Individual chains and residues can be selected from the sequence viewer and the corresponding chains, residues and annotations will be updated in Mol* viewer and the annotation table, respectively. Clicking on the same residue again will de-select it and restore viewers and the table to the same state as when first landing on the page.

A note is presented pointing to potential sequence offsets, if it applies. Offsets occur regularly when depositors select to start residue numbering of their structure with “1” instead of the corresponding sequence position from a UniProt reference sequence.
Annotation table
When first opening the annotation tab all annotations found for an entry will be in the central table.

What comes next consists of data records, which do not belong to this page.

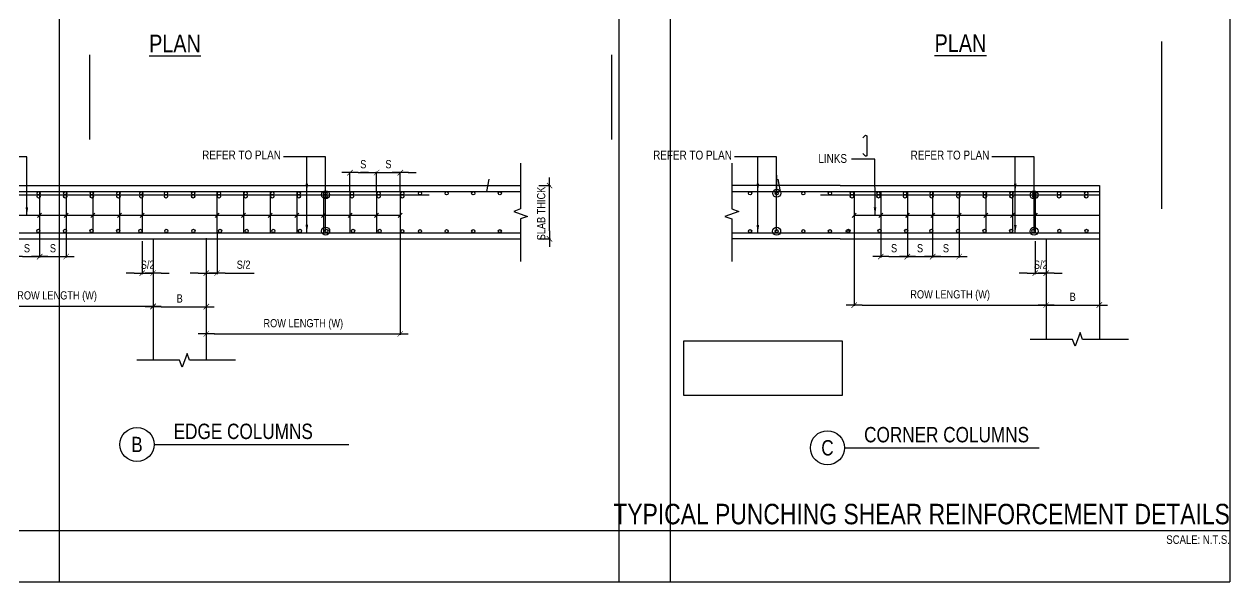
# Model space of a CAD drawing. Header units: millimetres. Extents: x 2186 to 89875, y -16050 to 57150.
# Drawn here: x 54701 to 89875, y -16050 to 221 of the extents above; entities that cross this region are included whole.
import ezdxf
from ezdxf.enums import TextEntityAlignment as Align

# ---------------------------------------------------------------- set-up
doc = ezdxf.new("R2010")
doc.units = ezdxf.units.MM
for name, color, linetype in [('2NDCOLUMN', 1, 'Continuous'), ('RFT-LINKS', 5, 'Continuous'), ('RFTHATCH', 253, 'Continuous'), ('S-G-DIMS', 1, 'Continuous'), ('S-G-LEDR', 2, 'Continuous'), ('S-G-STTL', 4, 'Continuous'), ('S-G-TEXT', 3, 'Continuous'), ('S-G-TITL', 7, 'Continuous'), ('S-G-TITLREF', 4, 'Continuous'), ('S-LOCI-RC', 2, 'Continuous'), ('S-LOCI-REBAR-1', 4, 'Continuous'), ('S-TEXT', 3, 'Continuous'), ('SE-Slab', 2, 'Continuous')]:
    doc.layers.add(name, color=color, linetype=linetype)
doc.layers.add('NPLT-JLA', color=193, linetype='Continuous', plot=False)
doc.styles.add('ARIAL', font='arial.ttf', dxfattribs={"width": 0.8})
doc.styles.add('TEXT-25 TIT', font='arial.ttf', dxfattribs={"width": 0.8, "height": 125})
doc.dimstyles.new('ARIALDIMS', dxfattribs={"dimscale": 12, "dimtxt": 20, "dimasz": 19.5, "dimexe": 2.25, "dimexo": 1.75, "dimgap": 10, "dimtad": 1, "dimzin": 3, "dimdsep": 46, "dimtxsty": 'ARIAL', "dimblk1": 'nyatick', "dimblk2": 'nyatick', "dimsah": 1, "dimcen": 2.25, "dimclrd": 1, "dimclre": 1, "dimclrt": 2, "dimadec": 0, "dimazin": 0, "dimtfac": 1, "dimtmove": 0, "dimatfit": 3, "dimfxl": 1, "dimfrac": 2, "dimtolj": 1, "dimtzin": 0, "dimarcsym": 0})

# ---------------------------------------------------------------- blocks, each defined once
blk = doc.blocks.new('nyatick')
at = {"layer": 'S-G-DIMS'}
blk.add_line((-1.01, 0), (1, 0), dxfattribs=at)
at = {"layer": 'S-G-DIMS', "const_width": 0.08}
blk.add_lwpolyline([(0.34, 0.34), (-0.34, -0.34)], dxfattribs=at)
blk = doc.blocks.new('*D644')
at = {"layer": 'Defpoints', "color": 0, "transparency": 16777216}
for p in [(69695, -4491), (70029, -4491), (69695, -6043)]:
    blk.add_point(p, dxfattribs=at)
at = {"layer": 'S-G-DIMS', "color": 1, "lineweight": -2, "transparency": 16777216}
for p, q in [((69716, -4491), (70056, -4491)), ((70029, -5809), (70029, -4725)), ((69716, -6043), (70056, -6043))]:
    blk.add_line(p, q, dxfattribs=at)
at = {"layer": 'S-G-DIMS', "color": 1, "lineweight": -2, "transparency": 16777216, "xscale": 234, "yscale": 234, "zscale": 234}
for p, rotation in [((70029, -4491), 90), ((70029, -6043), 270)]:
    blk.add_blockref('nyatick', p, dxfattribs=dict(at, rotation=rotation))
at = {"layer": 'S-G-DIMS', "color": 2, "transparency": 16777216, "insert": (69785, -5267), "char_height": 240, "attachment_point": 5, "rotation": 90, "style": 'ARIAL'}
blk.add_mtext('\\A1;SLAB THICK.', dxfattribs=at)
blk = doc.blocks.new('*D689')
at = {"layer": 'Defpoints', "color": 0, "transparency": 16777216}
for p in [(52864, -5869), (58463, -7343), (58463, -8005)]:
    blk.add_point(p, dxfattribs=at)
at = {"layer": 'S-G-DIMS', "color": 1, "lineweight": -2, "transparency": 16777216}
for p, q in [((52864, -5890), (52864, -8032)), ((58463, -7364), (58463, -8032)), ((53098, -8005), (58229, -8005))]:
    blk.add_line(p, q, dxfattribs=at)
at = {"layer": 'S-G-DIMS', "color": 1, "lineweight": -2, "transparency": 16777216, "xscale": 234, "yscale": 234, "zscale": 234, "rotation": 180}
blk.add_blockref('nyatick', (52864, -8005), dxfattribs=at)
at = {"layer": 'S-G-DIMS', "color": 1, "lineweight": -2, "transparency": 16777216, "xscale": 234, "yscale": 234, "zscale": 234}
blk.add_blockref('nyatick', (58463, -8005), dxfattribs=at)
at = {"layer": 'S-G-DIMS', "color": 2, "transparency": 16777216, "insert": (55663, -7728), "char_height": 240, "attachment_point": 5, "style": 'ARIAL'}
blk.add_mtext('\\A1;ROW LENGTH (W)', dxfattribs=at)
blk = doc.blocks.new('*D634')
at = {"layer": 'Defpoints', "color": 0, "transparency": 16777216}
for p in [(65674, -5869), (60015, -7560), (65674, -8816)]:
    blk.add_point(p, dxfattribs=at)
at = {"layer": 'S-G-DIMS', "color": 1, "lineweight": -2, "transparency": 16777216}
for p, q in [((65674, -5890), (65674, -8843)), ((60015, -7581), (60015, -8843)), ((60249, -8816), (65440, -8816))]:
    blk.add_line(p, q, dxfattribs=at)
at = {"layer": 'S-G-DIMS', "color": 1, "lineweight": -2, "transparency": 16777216, "xscale": 234, "yscale": 234, "zscale": 234, "rotation": 180}
blk.add_blockref('nyatick', (60015, -8816), dxfattribs=at)
at = {"layer": 'S-G-DIMS', "color": 1, "lineweight": -2, "transparency": 16777216, "xscale": 234, "yscale": 234, "zscale": 234}
blk.add_blockref('nyatick', (65674, -8816), dxfattribs=at)
at = {"layer": 'S-G-DIMS', "color": 2, "transparency": 16777216, "insert": (62845, -8539), "char_height": 240, "attachment_point": 5, "style": 'ARIAL'}
blk.add_mtext('\\A1;ROW LENGTH (W)', dxfattribs=at)
blk = doc.blocks.new('*D636')
at = {"layer": 'Defpoints', "color": 0, "transparency": 16777216}
for p in [(54415, -5869), (55153, -5869), (55153, -6562)]:
    blk.add_point(p, dxfattribs=at)
at = {"layer": 'S-G-DIMS', "color": 1, "lineweight": -2, "transparency": 16777216}
for p, q in [((54415, -5890), (54415, -6589)), ((55153, -5890), (55153, -6589)), ((54649, -6562), (54919, -6562))]:
    blk.add_line(p, q, dxfattribs=at)
at = {"layer": 'S-G-DIMS', "color": 1, "lineweight": -2, "transparency": 16777216, "xscale": 234, "yscale": 234, "zscale": 234, "rotation": 180}
blk.add_blockref('nyatick', (54415, -6562), dxfattribs=at)
at = {"layer": 'S-G-DIMS', "color": 1, "lineweight": -2, "transparency": 16777216, "xscale": 234, "yscale": 234, "zscale": 234}
blk.add_blockref('nyatick', (55153, -6562), dxfattribs=at)
at = {"layer": 'S-G-DIMS', "color": 2, "transparency": 16777216, "insert": (54784, -6318), "char_height": 240, "attachment_point": 5, "style": 'ARIAL'}
blk.add_mtext('\\A1;S', dxfattribs=at)
blk = doc.blocks.new('*D637')
at = {"layer": 'Defpoints', "color": 0, "transparency": 16777216}
for p in [(55153, -5869), (55929, -5869), (55929, -6562)]:
    blk.add_point(p, dxfattribs=at)
at = {"layer": 'S-G-DIMS', "color": 1, "lineweight": -2, "transparency": 16777216}
for p, q in [((55153, -5890), (55153, -6589)), ((55929, -5890), (55929, -6589)), ((55387, -6562), (55695, -6562))]:
    blk.add_line(p, q, dxfattribs=at)
at = {"layer": 'S-G-DIMS', "color": 1, "lineweight": -2, "transparency": 16777216, "xscale": 234, "yscale": 234, "zscale": 234, "rotation": 180}
blk.add_blockref('nyatick', (55153, -6562), dxfattribs=at)
at = {"layer": 'S-G-DIMS', "color": 1, "lineweight": -2, "transparency": 16777216, "xscale": 234, "yscale": 234, "zscale": 234}
blk.add_blockref('nyatick', (55929, -6562), dxfattribs=at)
at = {"layer": 'S-G-DIMS', "color": 2, "transparency": 16777216, "insert": (55541, -6318), "char_height": 240, "attachment_point": 5, "style": 'ARIAL'}
blk.add_mtext('\\A1;S', dxfattribs=at)
blk = doc.blocks.new('*D638')
at = {"layer": 'Defpoints', "color": 0, "transparency": 16777216}
for p in [(64983, -4111), (64207, -4666), (64983, -4666)]:
    blk.add_point(p, dxfattribs=at)
at = {"layer": 'S-G-DIMS', "color": 1, "lineweight": -2, "transparency": 16777216}
for p, q in [((64207, -4645), (64207, -4084)), ((64441, -4111), (64749, -4111)), ((64983, -4645), (64983, -4084))]:
    blk.add_line(p, q, dxfattribs=at)
at = {"layer": 'S-G-DIMS', "color": 1, "lineweight": -2, "transparency": 16777216, "xscale": 234, "yscale": 234, "zscale": 234, "rotation": 180}
blk.add_blockref('nyatick', (64207, -4111), dxfattribs=at)
at = {"layer": 'S-G-DIMS', "color": 1, "lineweight": -2, "transparency": 16777216, "xscale": 234, "yscale": 234, "zscale": 234}
blk.add_blockref('nyatick', (64983, -4111), dxfattribs=at)
at = {"layer": 'S-G-DIMS', "color": 2, "transparency": 16777216, "insert": (64595, -3867), "char_height": 240, "attachment_point": 5, "style": 'ARIAL'}
blk.add_mtext('\\A1;S', dxfattribs=at)
blk = doc.blocks.new('*D639')
at = {"layer": 'Defpoints', "color": 0, "transparency": 16777216}
for p in [(65674, -4111), (64983, -4666), (65674, -4666)]:
    blk.add_point(p, dxfattribs=at)
at = {"layer": 'S-G-DIMS', "color": 1, "lineweight": -2, "transparency": 16777216}
for p, q in [((64749, -4111), (64515, -4111)), ((64983, -4645), (64983, -4084)), ((64983, -4111), (65674, -4111)), ((65674, -4645), (65674, -4084)), ((65908, -4111), (66142, -4111))]:
    blk.add_line(p, q, dxfattribs=at)
at = {"layer": 'S-G-DIMS', "color": 1, "lineweight": -2, "transparency": 16777216, "xscale": 234, "yscale": 234, "zscale": 234}
blk.add_blockref('nyatick', (64983, -4111), dxfattribs=at)
at = {"layer": 'S-G-DIMS', "color": 1, "lineweight": -2, "transparency": 16777216, "xscale": 234, "yscale": 234, "zscale": 234, "rotation": 180}
blk.add_blockref('nyatick', (65674, -4111), dxfattribs=at)
at = {"layer": 'S-G-DIMS', "color": 2, "transparency": 16777216, "insert": (65329, -3867), "char_height": 240, "attachment_point": 5, "style": 'ARIAL'}
blk.add_mtext('\\A1;S', dxfattribs=at)
blk = doc.blocks.new('*D640')
at = {"layer": 'Defpoints', "color": 0, "transparency": 16777216}
for p in [(60328, -5832), (60015, -6007), (60328, -7043)]:
    blk.add_point(p, dxfattribs=at)
at = {"layer": 'S-G-DIMS', "color": 1, "lineweight": -2, "transparency": 16777216}
for p, q in [((60328, -5853), (60328, -7070)), ((60015, -6028), (60015, -7070)), ((59781, -7043), (59547, -7043)), ((60015, -7043), (60328, -7043)), ((60562, -7043), (61412, -7043))]:
    blk.add_line(p, q, dxfattribs=at)
at = {"layer": 'S-G-DIMS', "color": 1, "lineweight": -2, "transparency": 16777216, "xscale": 234, "yscale": 234, "zscale": 234}
blk.add_blockref('nyatick', (60015, -7043), dxfattribs=at)
at = {"layer": 'S-G-DIMS', "color": 1, "lineweight": -2, "transparency": 16777216, "xscale": 234, "yscale": 234, "zscale": 234, "rotation": 180}
blk.add_blockref('nyatick', (60328, -7043), dxfattribs=at)
at = {"layer": 'S-G-DIMS', "color": 2, "transparency": 16777216, "insert": (61104, -6799), "char_height": 240, "attachment_point": 5, "style": 'ARIAL'}
blk.add_mtext('\\A1;S/2', dxfattribs=at)
blk = doc.blocks.new('*D641')
at = {"layer": 'Defpoints', "color": 0, "transparency": 16777216}
for p in [(58147, -6091), (58463, -6266), (58463, -7043)]:
    blk.add_point(p, dxfattribs=at)
at = {"layer": 'S-G-DIMS', "color": 1, "lineweight": -2, "transparency": 16777216}
for p, q in [((58147, -6112), (58147, -7070)), ((58463, -6287), (58463, -7070)), ((57913, -7043), (57679, -7043)), ((58147, -7043), (58463, -7043)), ((58697, -7043), (58931, -7043))]:
    blk.add_line(p, q, dxfattribs=at)
at = {"layer": 'S-G-DIMS', "color": 1, "lineweight": -2, "transparency": 16777216, "xscale": 234, "yscale": 234, "zscale": 234}
blk.add_blockref('nyatick', (58147, -7043), dxfattribs=at)
at = {"layer": 'S-G-DIMS', "color": 1, "lineweight": -2, "transparency": 16777216, "xscale": 234, "yscale": 234, "zscale": 234, "rotation": 180}
blk.add_blockref('nyatick', (58463, -7043), dxfattribs=at)
at = {"layer": 'S-G-DIMS', "color": 2, "transparency": 16777216, "insert": (58305, -6799), "char_height": 240, "attachment_point": 5, "style": 'ARIAL'}
blk.add_mtext('\\A1;S/2', dxfattribs=at)
blk = doc.blocks.new('*D693')
at = {"layer": 'Defpoints', "color": 0, "transparency": 16777216}
for p in [(58463, -7614), (60015, -7614), (60015, -8023)]:
    blk.add_point(p, dxfattribs=at)
at = {"layer": 'S-G-DIMS', "color": 1, "lineweight": -2, "transparency": 16777216}
for p, q in [((58463, -7635), (58463, -8050)), ((60015, -7635), (60015, -8050)), ((58697, -8023), (59781, -8023))]:
    blk.add_line(p, q, dxfattribs=at)
at = {"layer": 'S-G-DIMS', "color": 1, "lineweight": -2, "transparency": 16777216, "xscale": 234, "yscale": 234, "zscale": 234, "rotation": 180}
blk.add_blockref('nyatick', (58463, -8023), dxfattribs=at)
at = {"layer": 'S-G-DIMS', "color": 1, "lineweight": -2, "transparency": 16777216, "xscale": 234, "yscale": 234, "zscale": 234}
blk.add_blockref('nyatick', (60015, -8023), dxfattribs=at)
at = {"layer": 'S-G-DIMS', "color": 2, "transparency": 16777216, "insert": (59239, -7783), "char_height": 240, "attachment_point": 5, "style": 'ARIAL'}
blk.add_mtext('\\A1;B', dxfattribs=at)
blk = doc.blocks.new('*D704')
at = {"layer": 'Defpoints', "color": 0, "transparency": 16777216}
for p in [(78915, -5869), (84515, -7343), (84515, -7975)]:
    blk.add_point(p, dxfattribs=at)
at = {"layer": 'S-G-DIMS', "color": 1, "lineweight": -2, "transparency": 16777216}
for p, q in [((78915, -5890), (78915, -8002)), ((84515, -7364), (84515, -8002)), ((79149, -7975), (84281, -7975))]:
    blk.add_line(p, q, dxfattribs=at)
at = {"layer": 'S-G-DIMS', "color": 1, "lineweight": -2, "transparency": 16777216, "xscale": 234, "yscale": 234, "zscale": 234, "rotation": 180}
blk.add_blockref('nyatick', (78915, -7975), dxfattribs=at)
at = {"layer": 'S-G-DIMS', "color": 1, "lineweight": -2, "transparency": 16777216, "xscale": 234, "yscale": 234, "zscale": 234}
blk.add_blockref('nyatick', (84515, -7975), dxfattribs=at)
at = {"layer": 'S-G-DIMS', "color": 2, "transparency": 16777216, "insert": (81715, -7698), "char_height": 240, "attachment_point": 5, "style": 'ARIAL'}
blk.add_mtext('\\A1;ROW LENGTH (W)', dxfattribs=at)
blk = doc.blocks.new('*D671')
at = {"layer": 'Defpoints', "color": 0, "transparency": 16777216}
for p in [(79691, -5869), (80467, -5869), (80467, -6562)]:
    blk.add_point(p, dxfattribs=at)
at = {"layer": 'S-G-DIMS', "color": 1, "lineweight": -2, "transparency": 16777216}
for p, q in [((79691, -5890), (79691, -6589)), ((80467, -5890), (80467, -6589)), ((79925, -6562), (80233, -6562))]:
    blk.add_line(p, q, dxfattribs=at)
at = {"layer": 'S-G-DIMS', "color": 1, "lineweight": -2, "transparency": 16777216, "xscale": 234, "yscale": 234, "zscale": 234, "rotation": 180}
blk.add_blockref('nyatick', (79691, -6562), dxfattribs=at)
at = {"layer": 'S-G-DIMS', "color": 1, "lineweight": -2, "transparency": 16777216, "xscale": 234, "yscale": 234, "zscale": 234}
blk.add_blockref('nyatick', (80467, -6562), dxfattribs=at)
at = {"layer": 'S-G-DIMS', "color": 2, "transparency": 16777216, "insert": (80079, -6318), "char_height": 240, "attachment_point": 5, "style": 'ARIAL'}
blk.add_mtext('\\A1;S', dxfattribs=at)
blk = doc.blocks.new('*D672')
at = {"layer": 'Defpoints', "color": 0, "transparency": 16777216}
for p in [(80467, -5869), (81204, -5869), (81204, -6562)]:
    blk.add_point(p, dxfattribs=at)
at = {"layer": 'S-G-DIMS', "color": 1, "lineweight": -2, "transparency": 16777216}
for p, q in [((80467, -5890), (80467, -6589)), ((81204, -5890), (81204, -6589)), ((80701, -6562), (80970, -6562))]:
    blk.add_line(p, q, dxfattribs=at)
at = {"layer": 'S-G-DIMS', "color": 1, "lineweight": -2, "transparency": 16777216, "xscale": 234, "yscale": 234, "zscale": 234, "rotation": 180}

Upon selecting a macromolecule, chain and residue only the specific subset of annotations for the selected residue will be given. In each sentence the residue of interest is highlighted in bold. The highlighted residues in the sentence are themselves clickable and will update the sequence viewer and Mol* viewer in turn. For each identified residue a confidence score for the prediction is given as “AI Score”. If a publication is open access then clicking on “View in article” opens a new page to PubMed Central centering on and highlighting the sentence within the publication. The number of sentences displayed in the table can be set to 5, 10 or 20.

Mol* viewer
Any selected macromolecule of an entry has its atomic coordinates displayed in Mol* viewer. The viewer itself is well documented, and in the context of the residue-level annotation,s only its basic functionality is used. When first landing on the page, the whole molecule for the first macromolecule in an entry file is displayed in cartoon representation, coloured green. Selecting a residue from the sequence viewer, the annotation table or directly in Mol* will centre the molecule on this residue and display it in ball-and-stick representation, coloured orange. Surrounding residues of interest will appear as ball-and-stick representations, and interactions are indicated through dashed lines. Where experimental data is available, electron density maps or electric potential maps will be displayed. Hovering over a residue will bring a tool-tip box to the fore, giving details about the residue in the structure and its reference in a UniProt accession.

Missing annotations
A statement is displayed on the page if the primary citation linked to an entry could not be mined for text annotations (see below).
Residue-level annotations may be lacking due to issues such as absent or mismatched residue numbering in publication texts, restricted access to full-text articles, or missing user-submitted data. Additionally, the annotation pipeline might have failed to extract relevant information or accurately map it to structural data.
The lack of annotations can have a number of reasons:
- The primary citation is not open access, and we were not able to access the manuscript due to copyright issues.
- Our collaborators did not submit annotations to our system for processing and display.
- The predictive model was not able to identify any residue-level functional annotations.
- Found residues could not be validated or linked to a UniProt reference.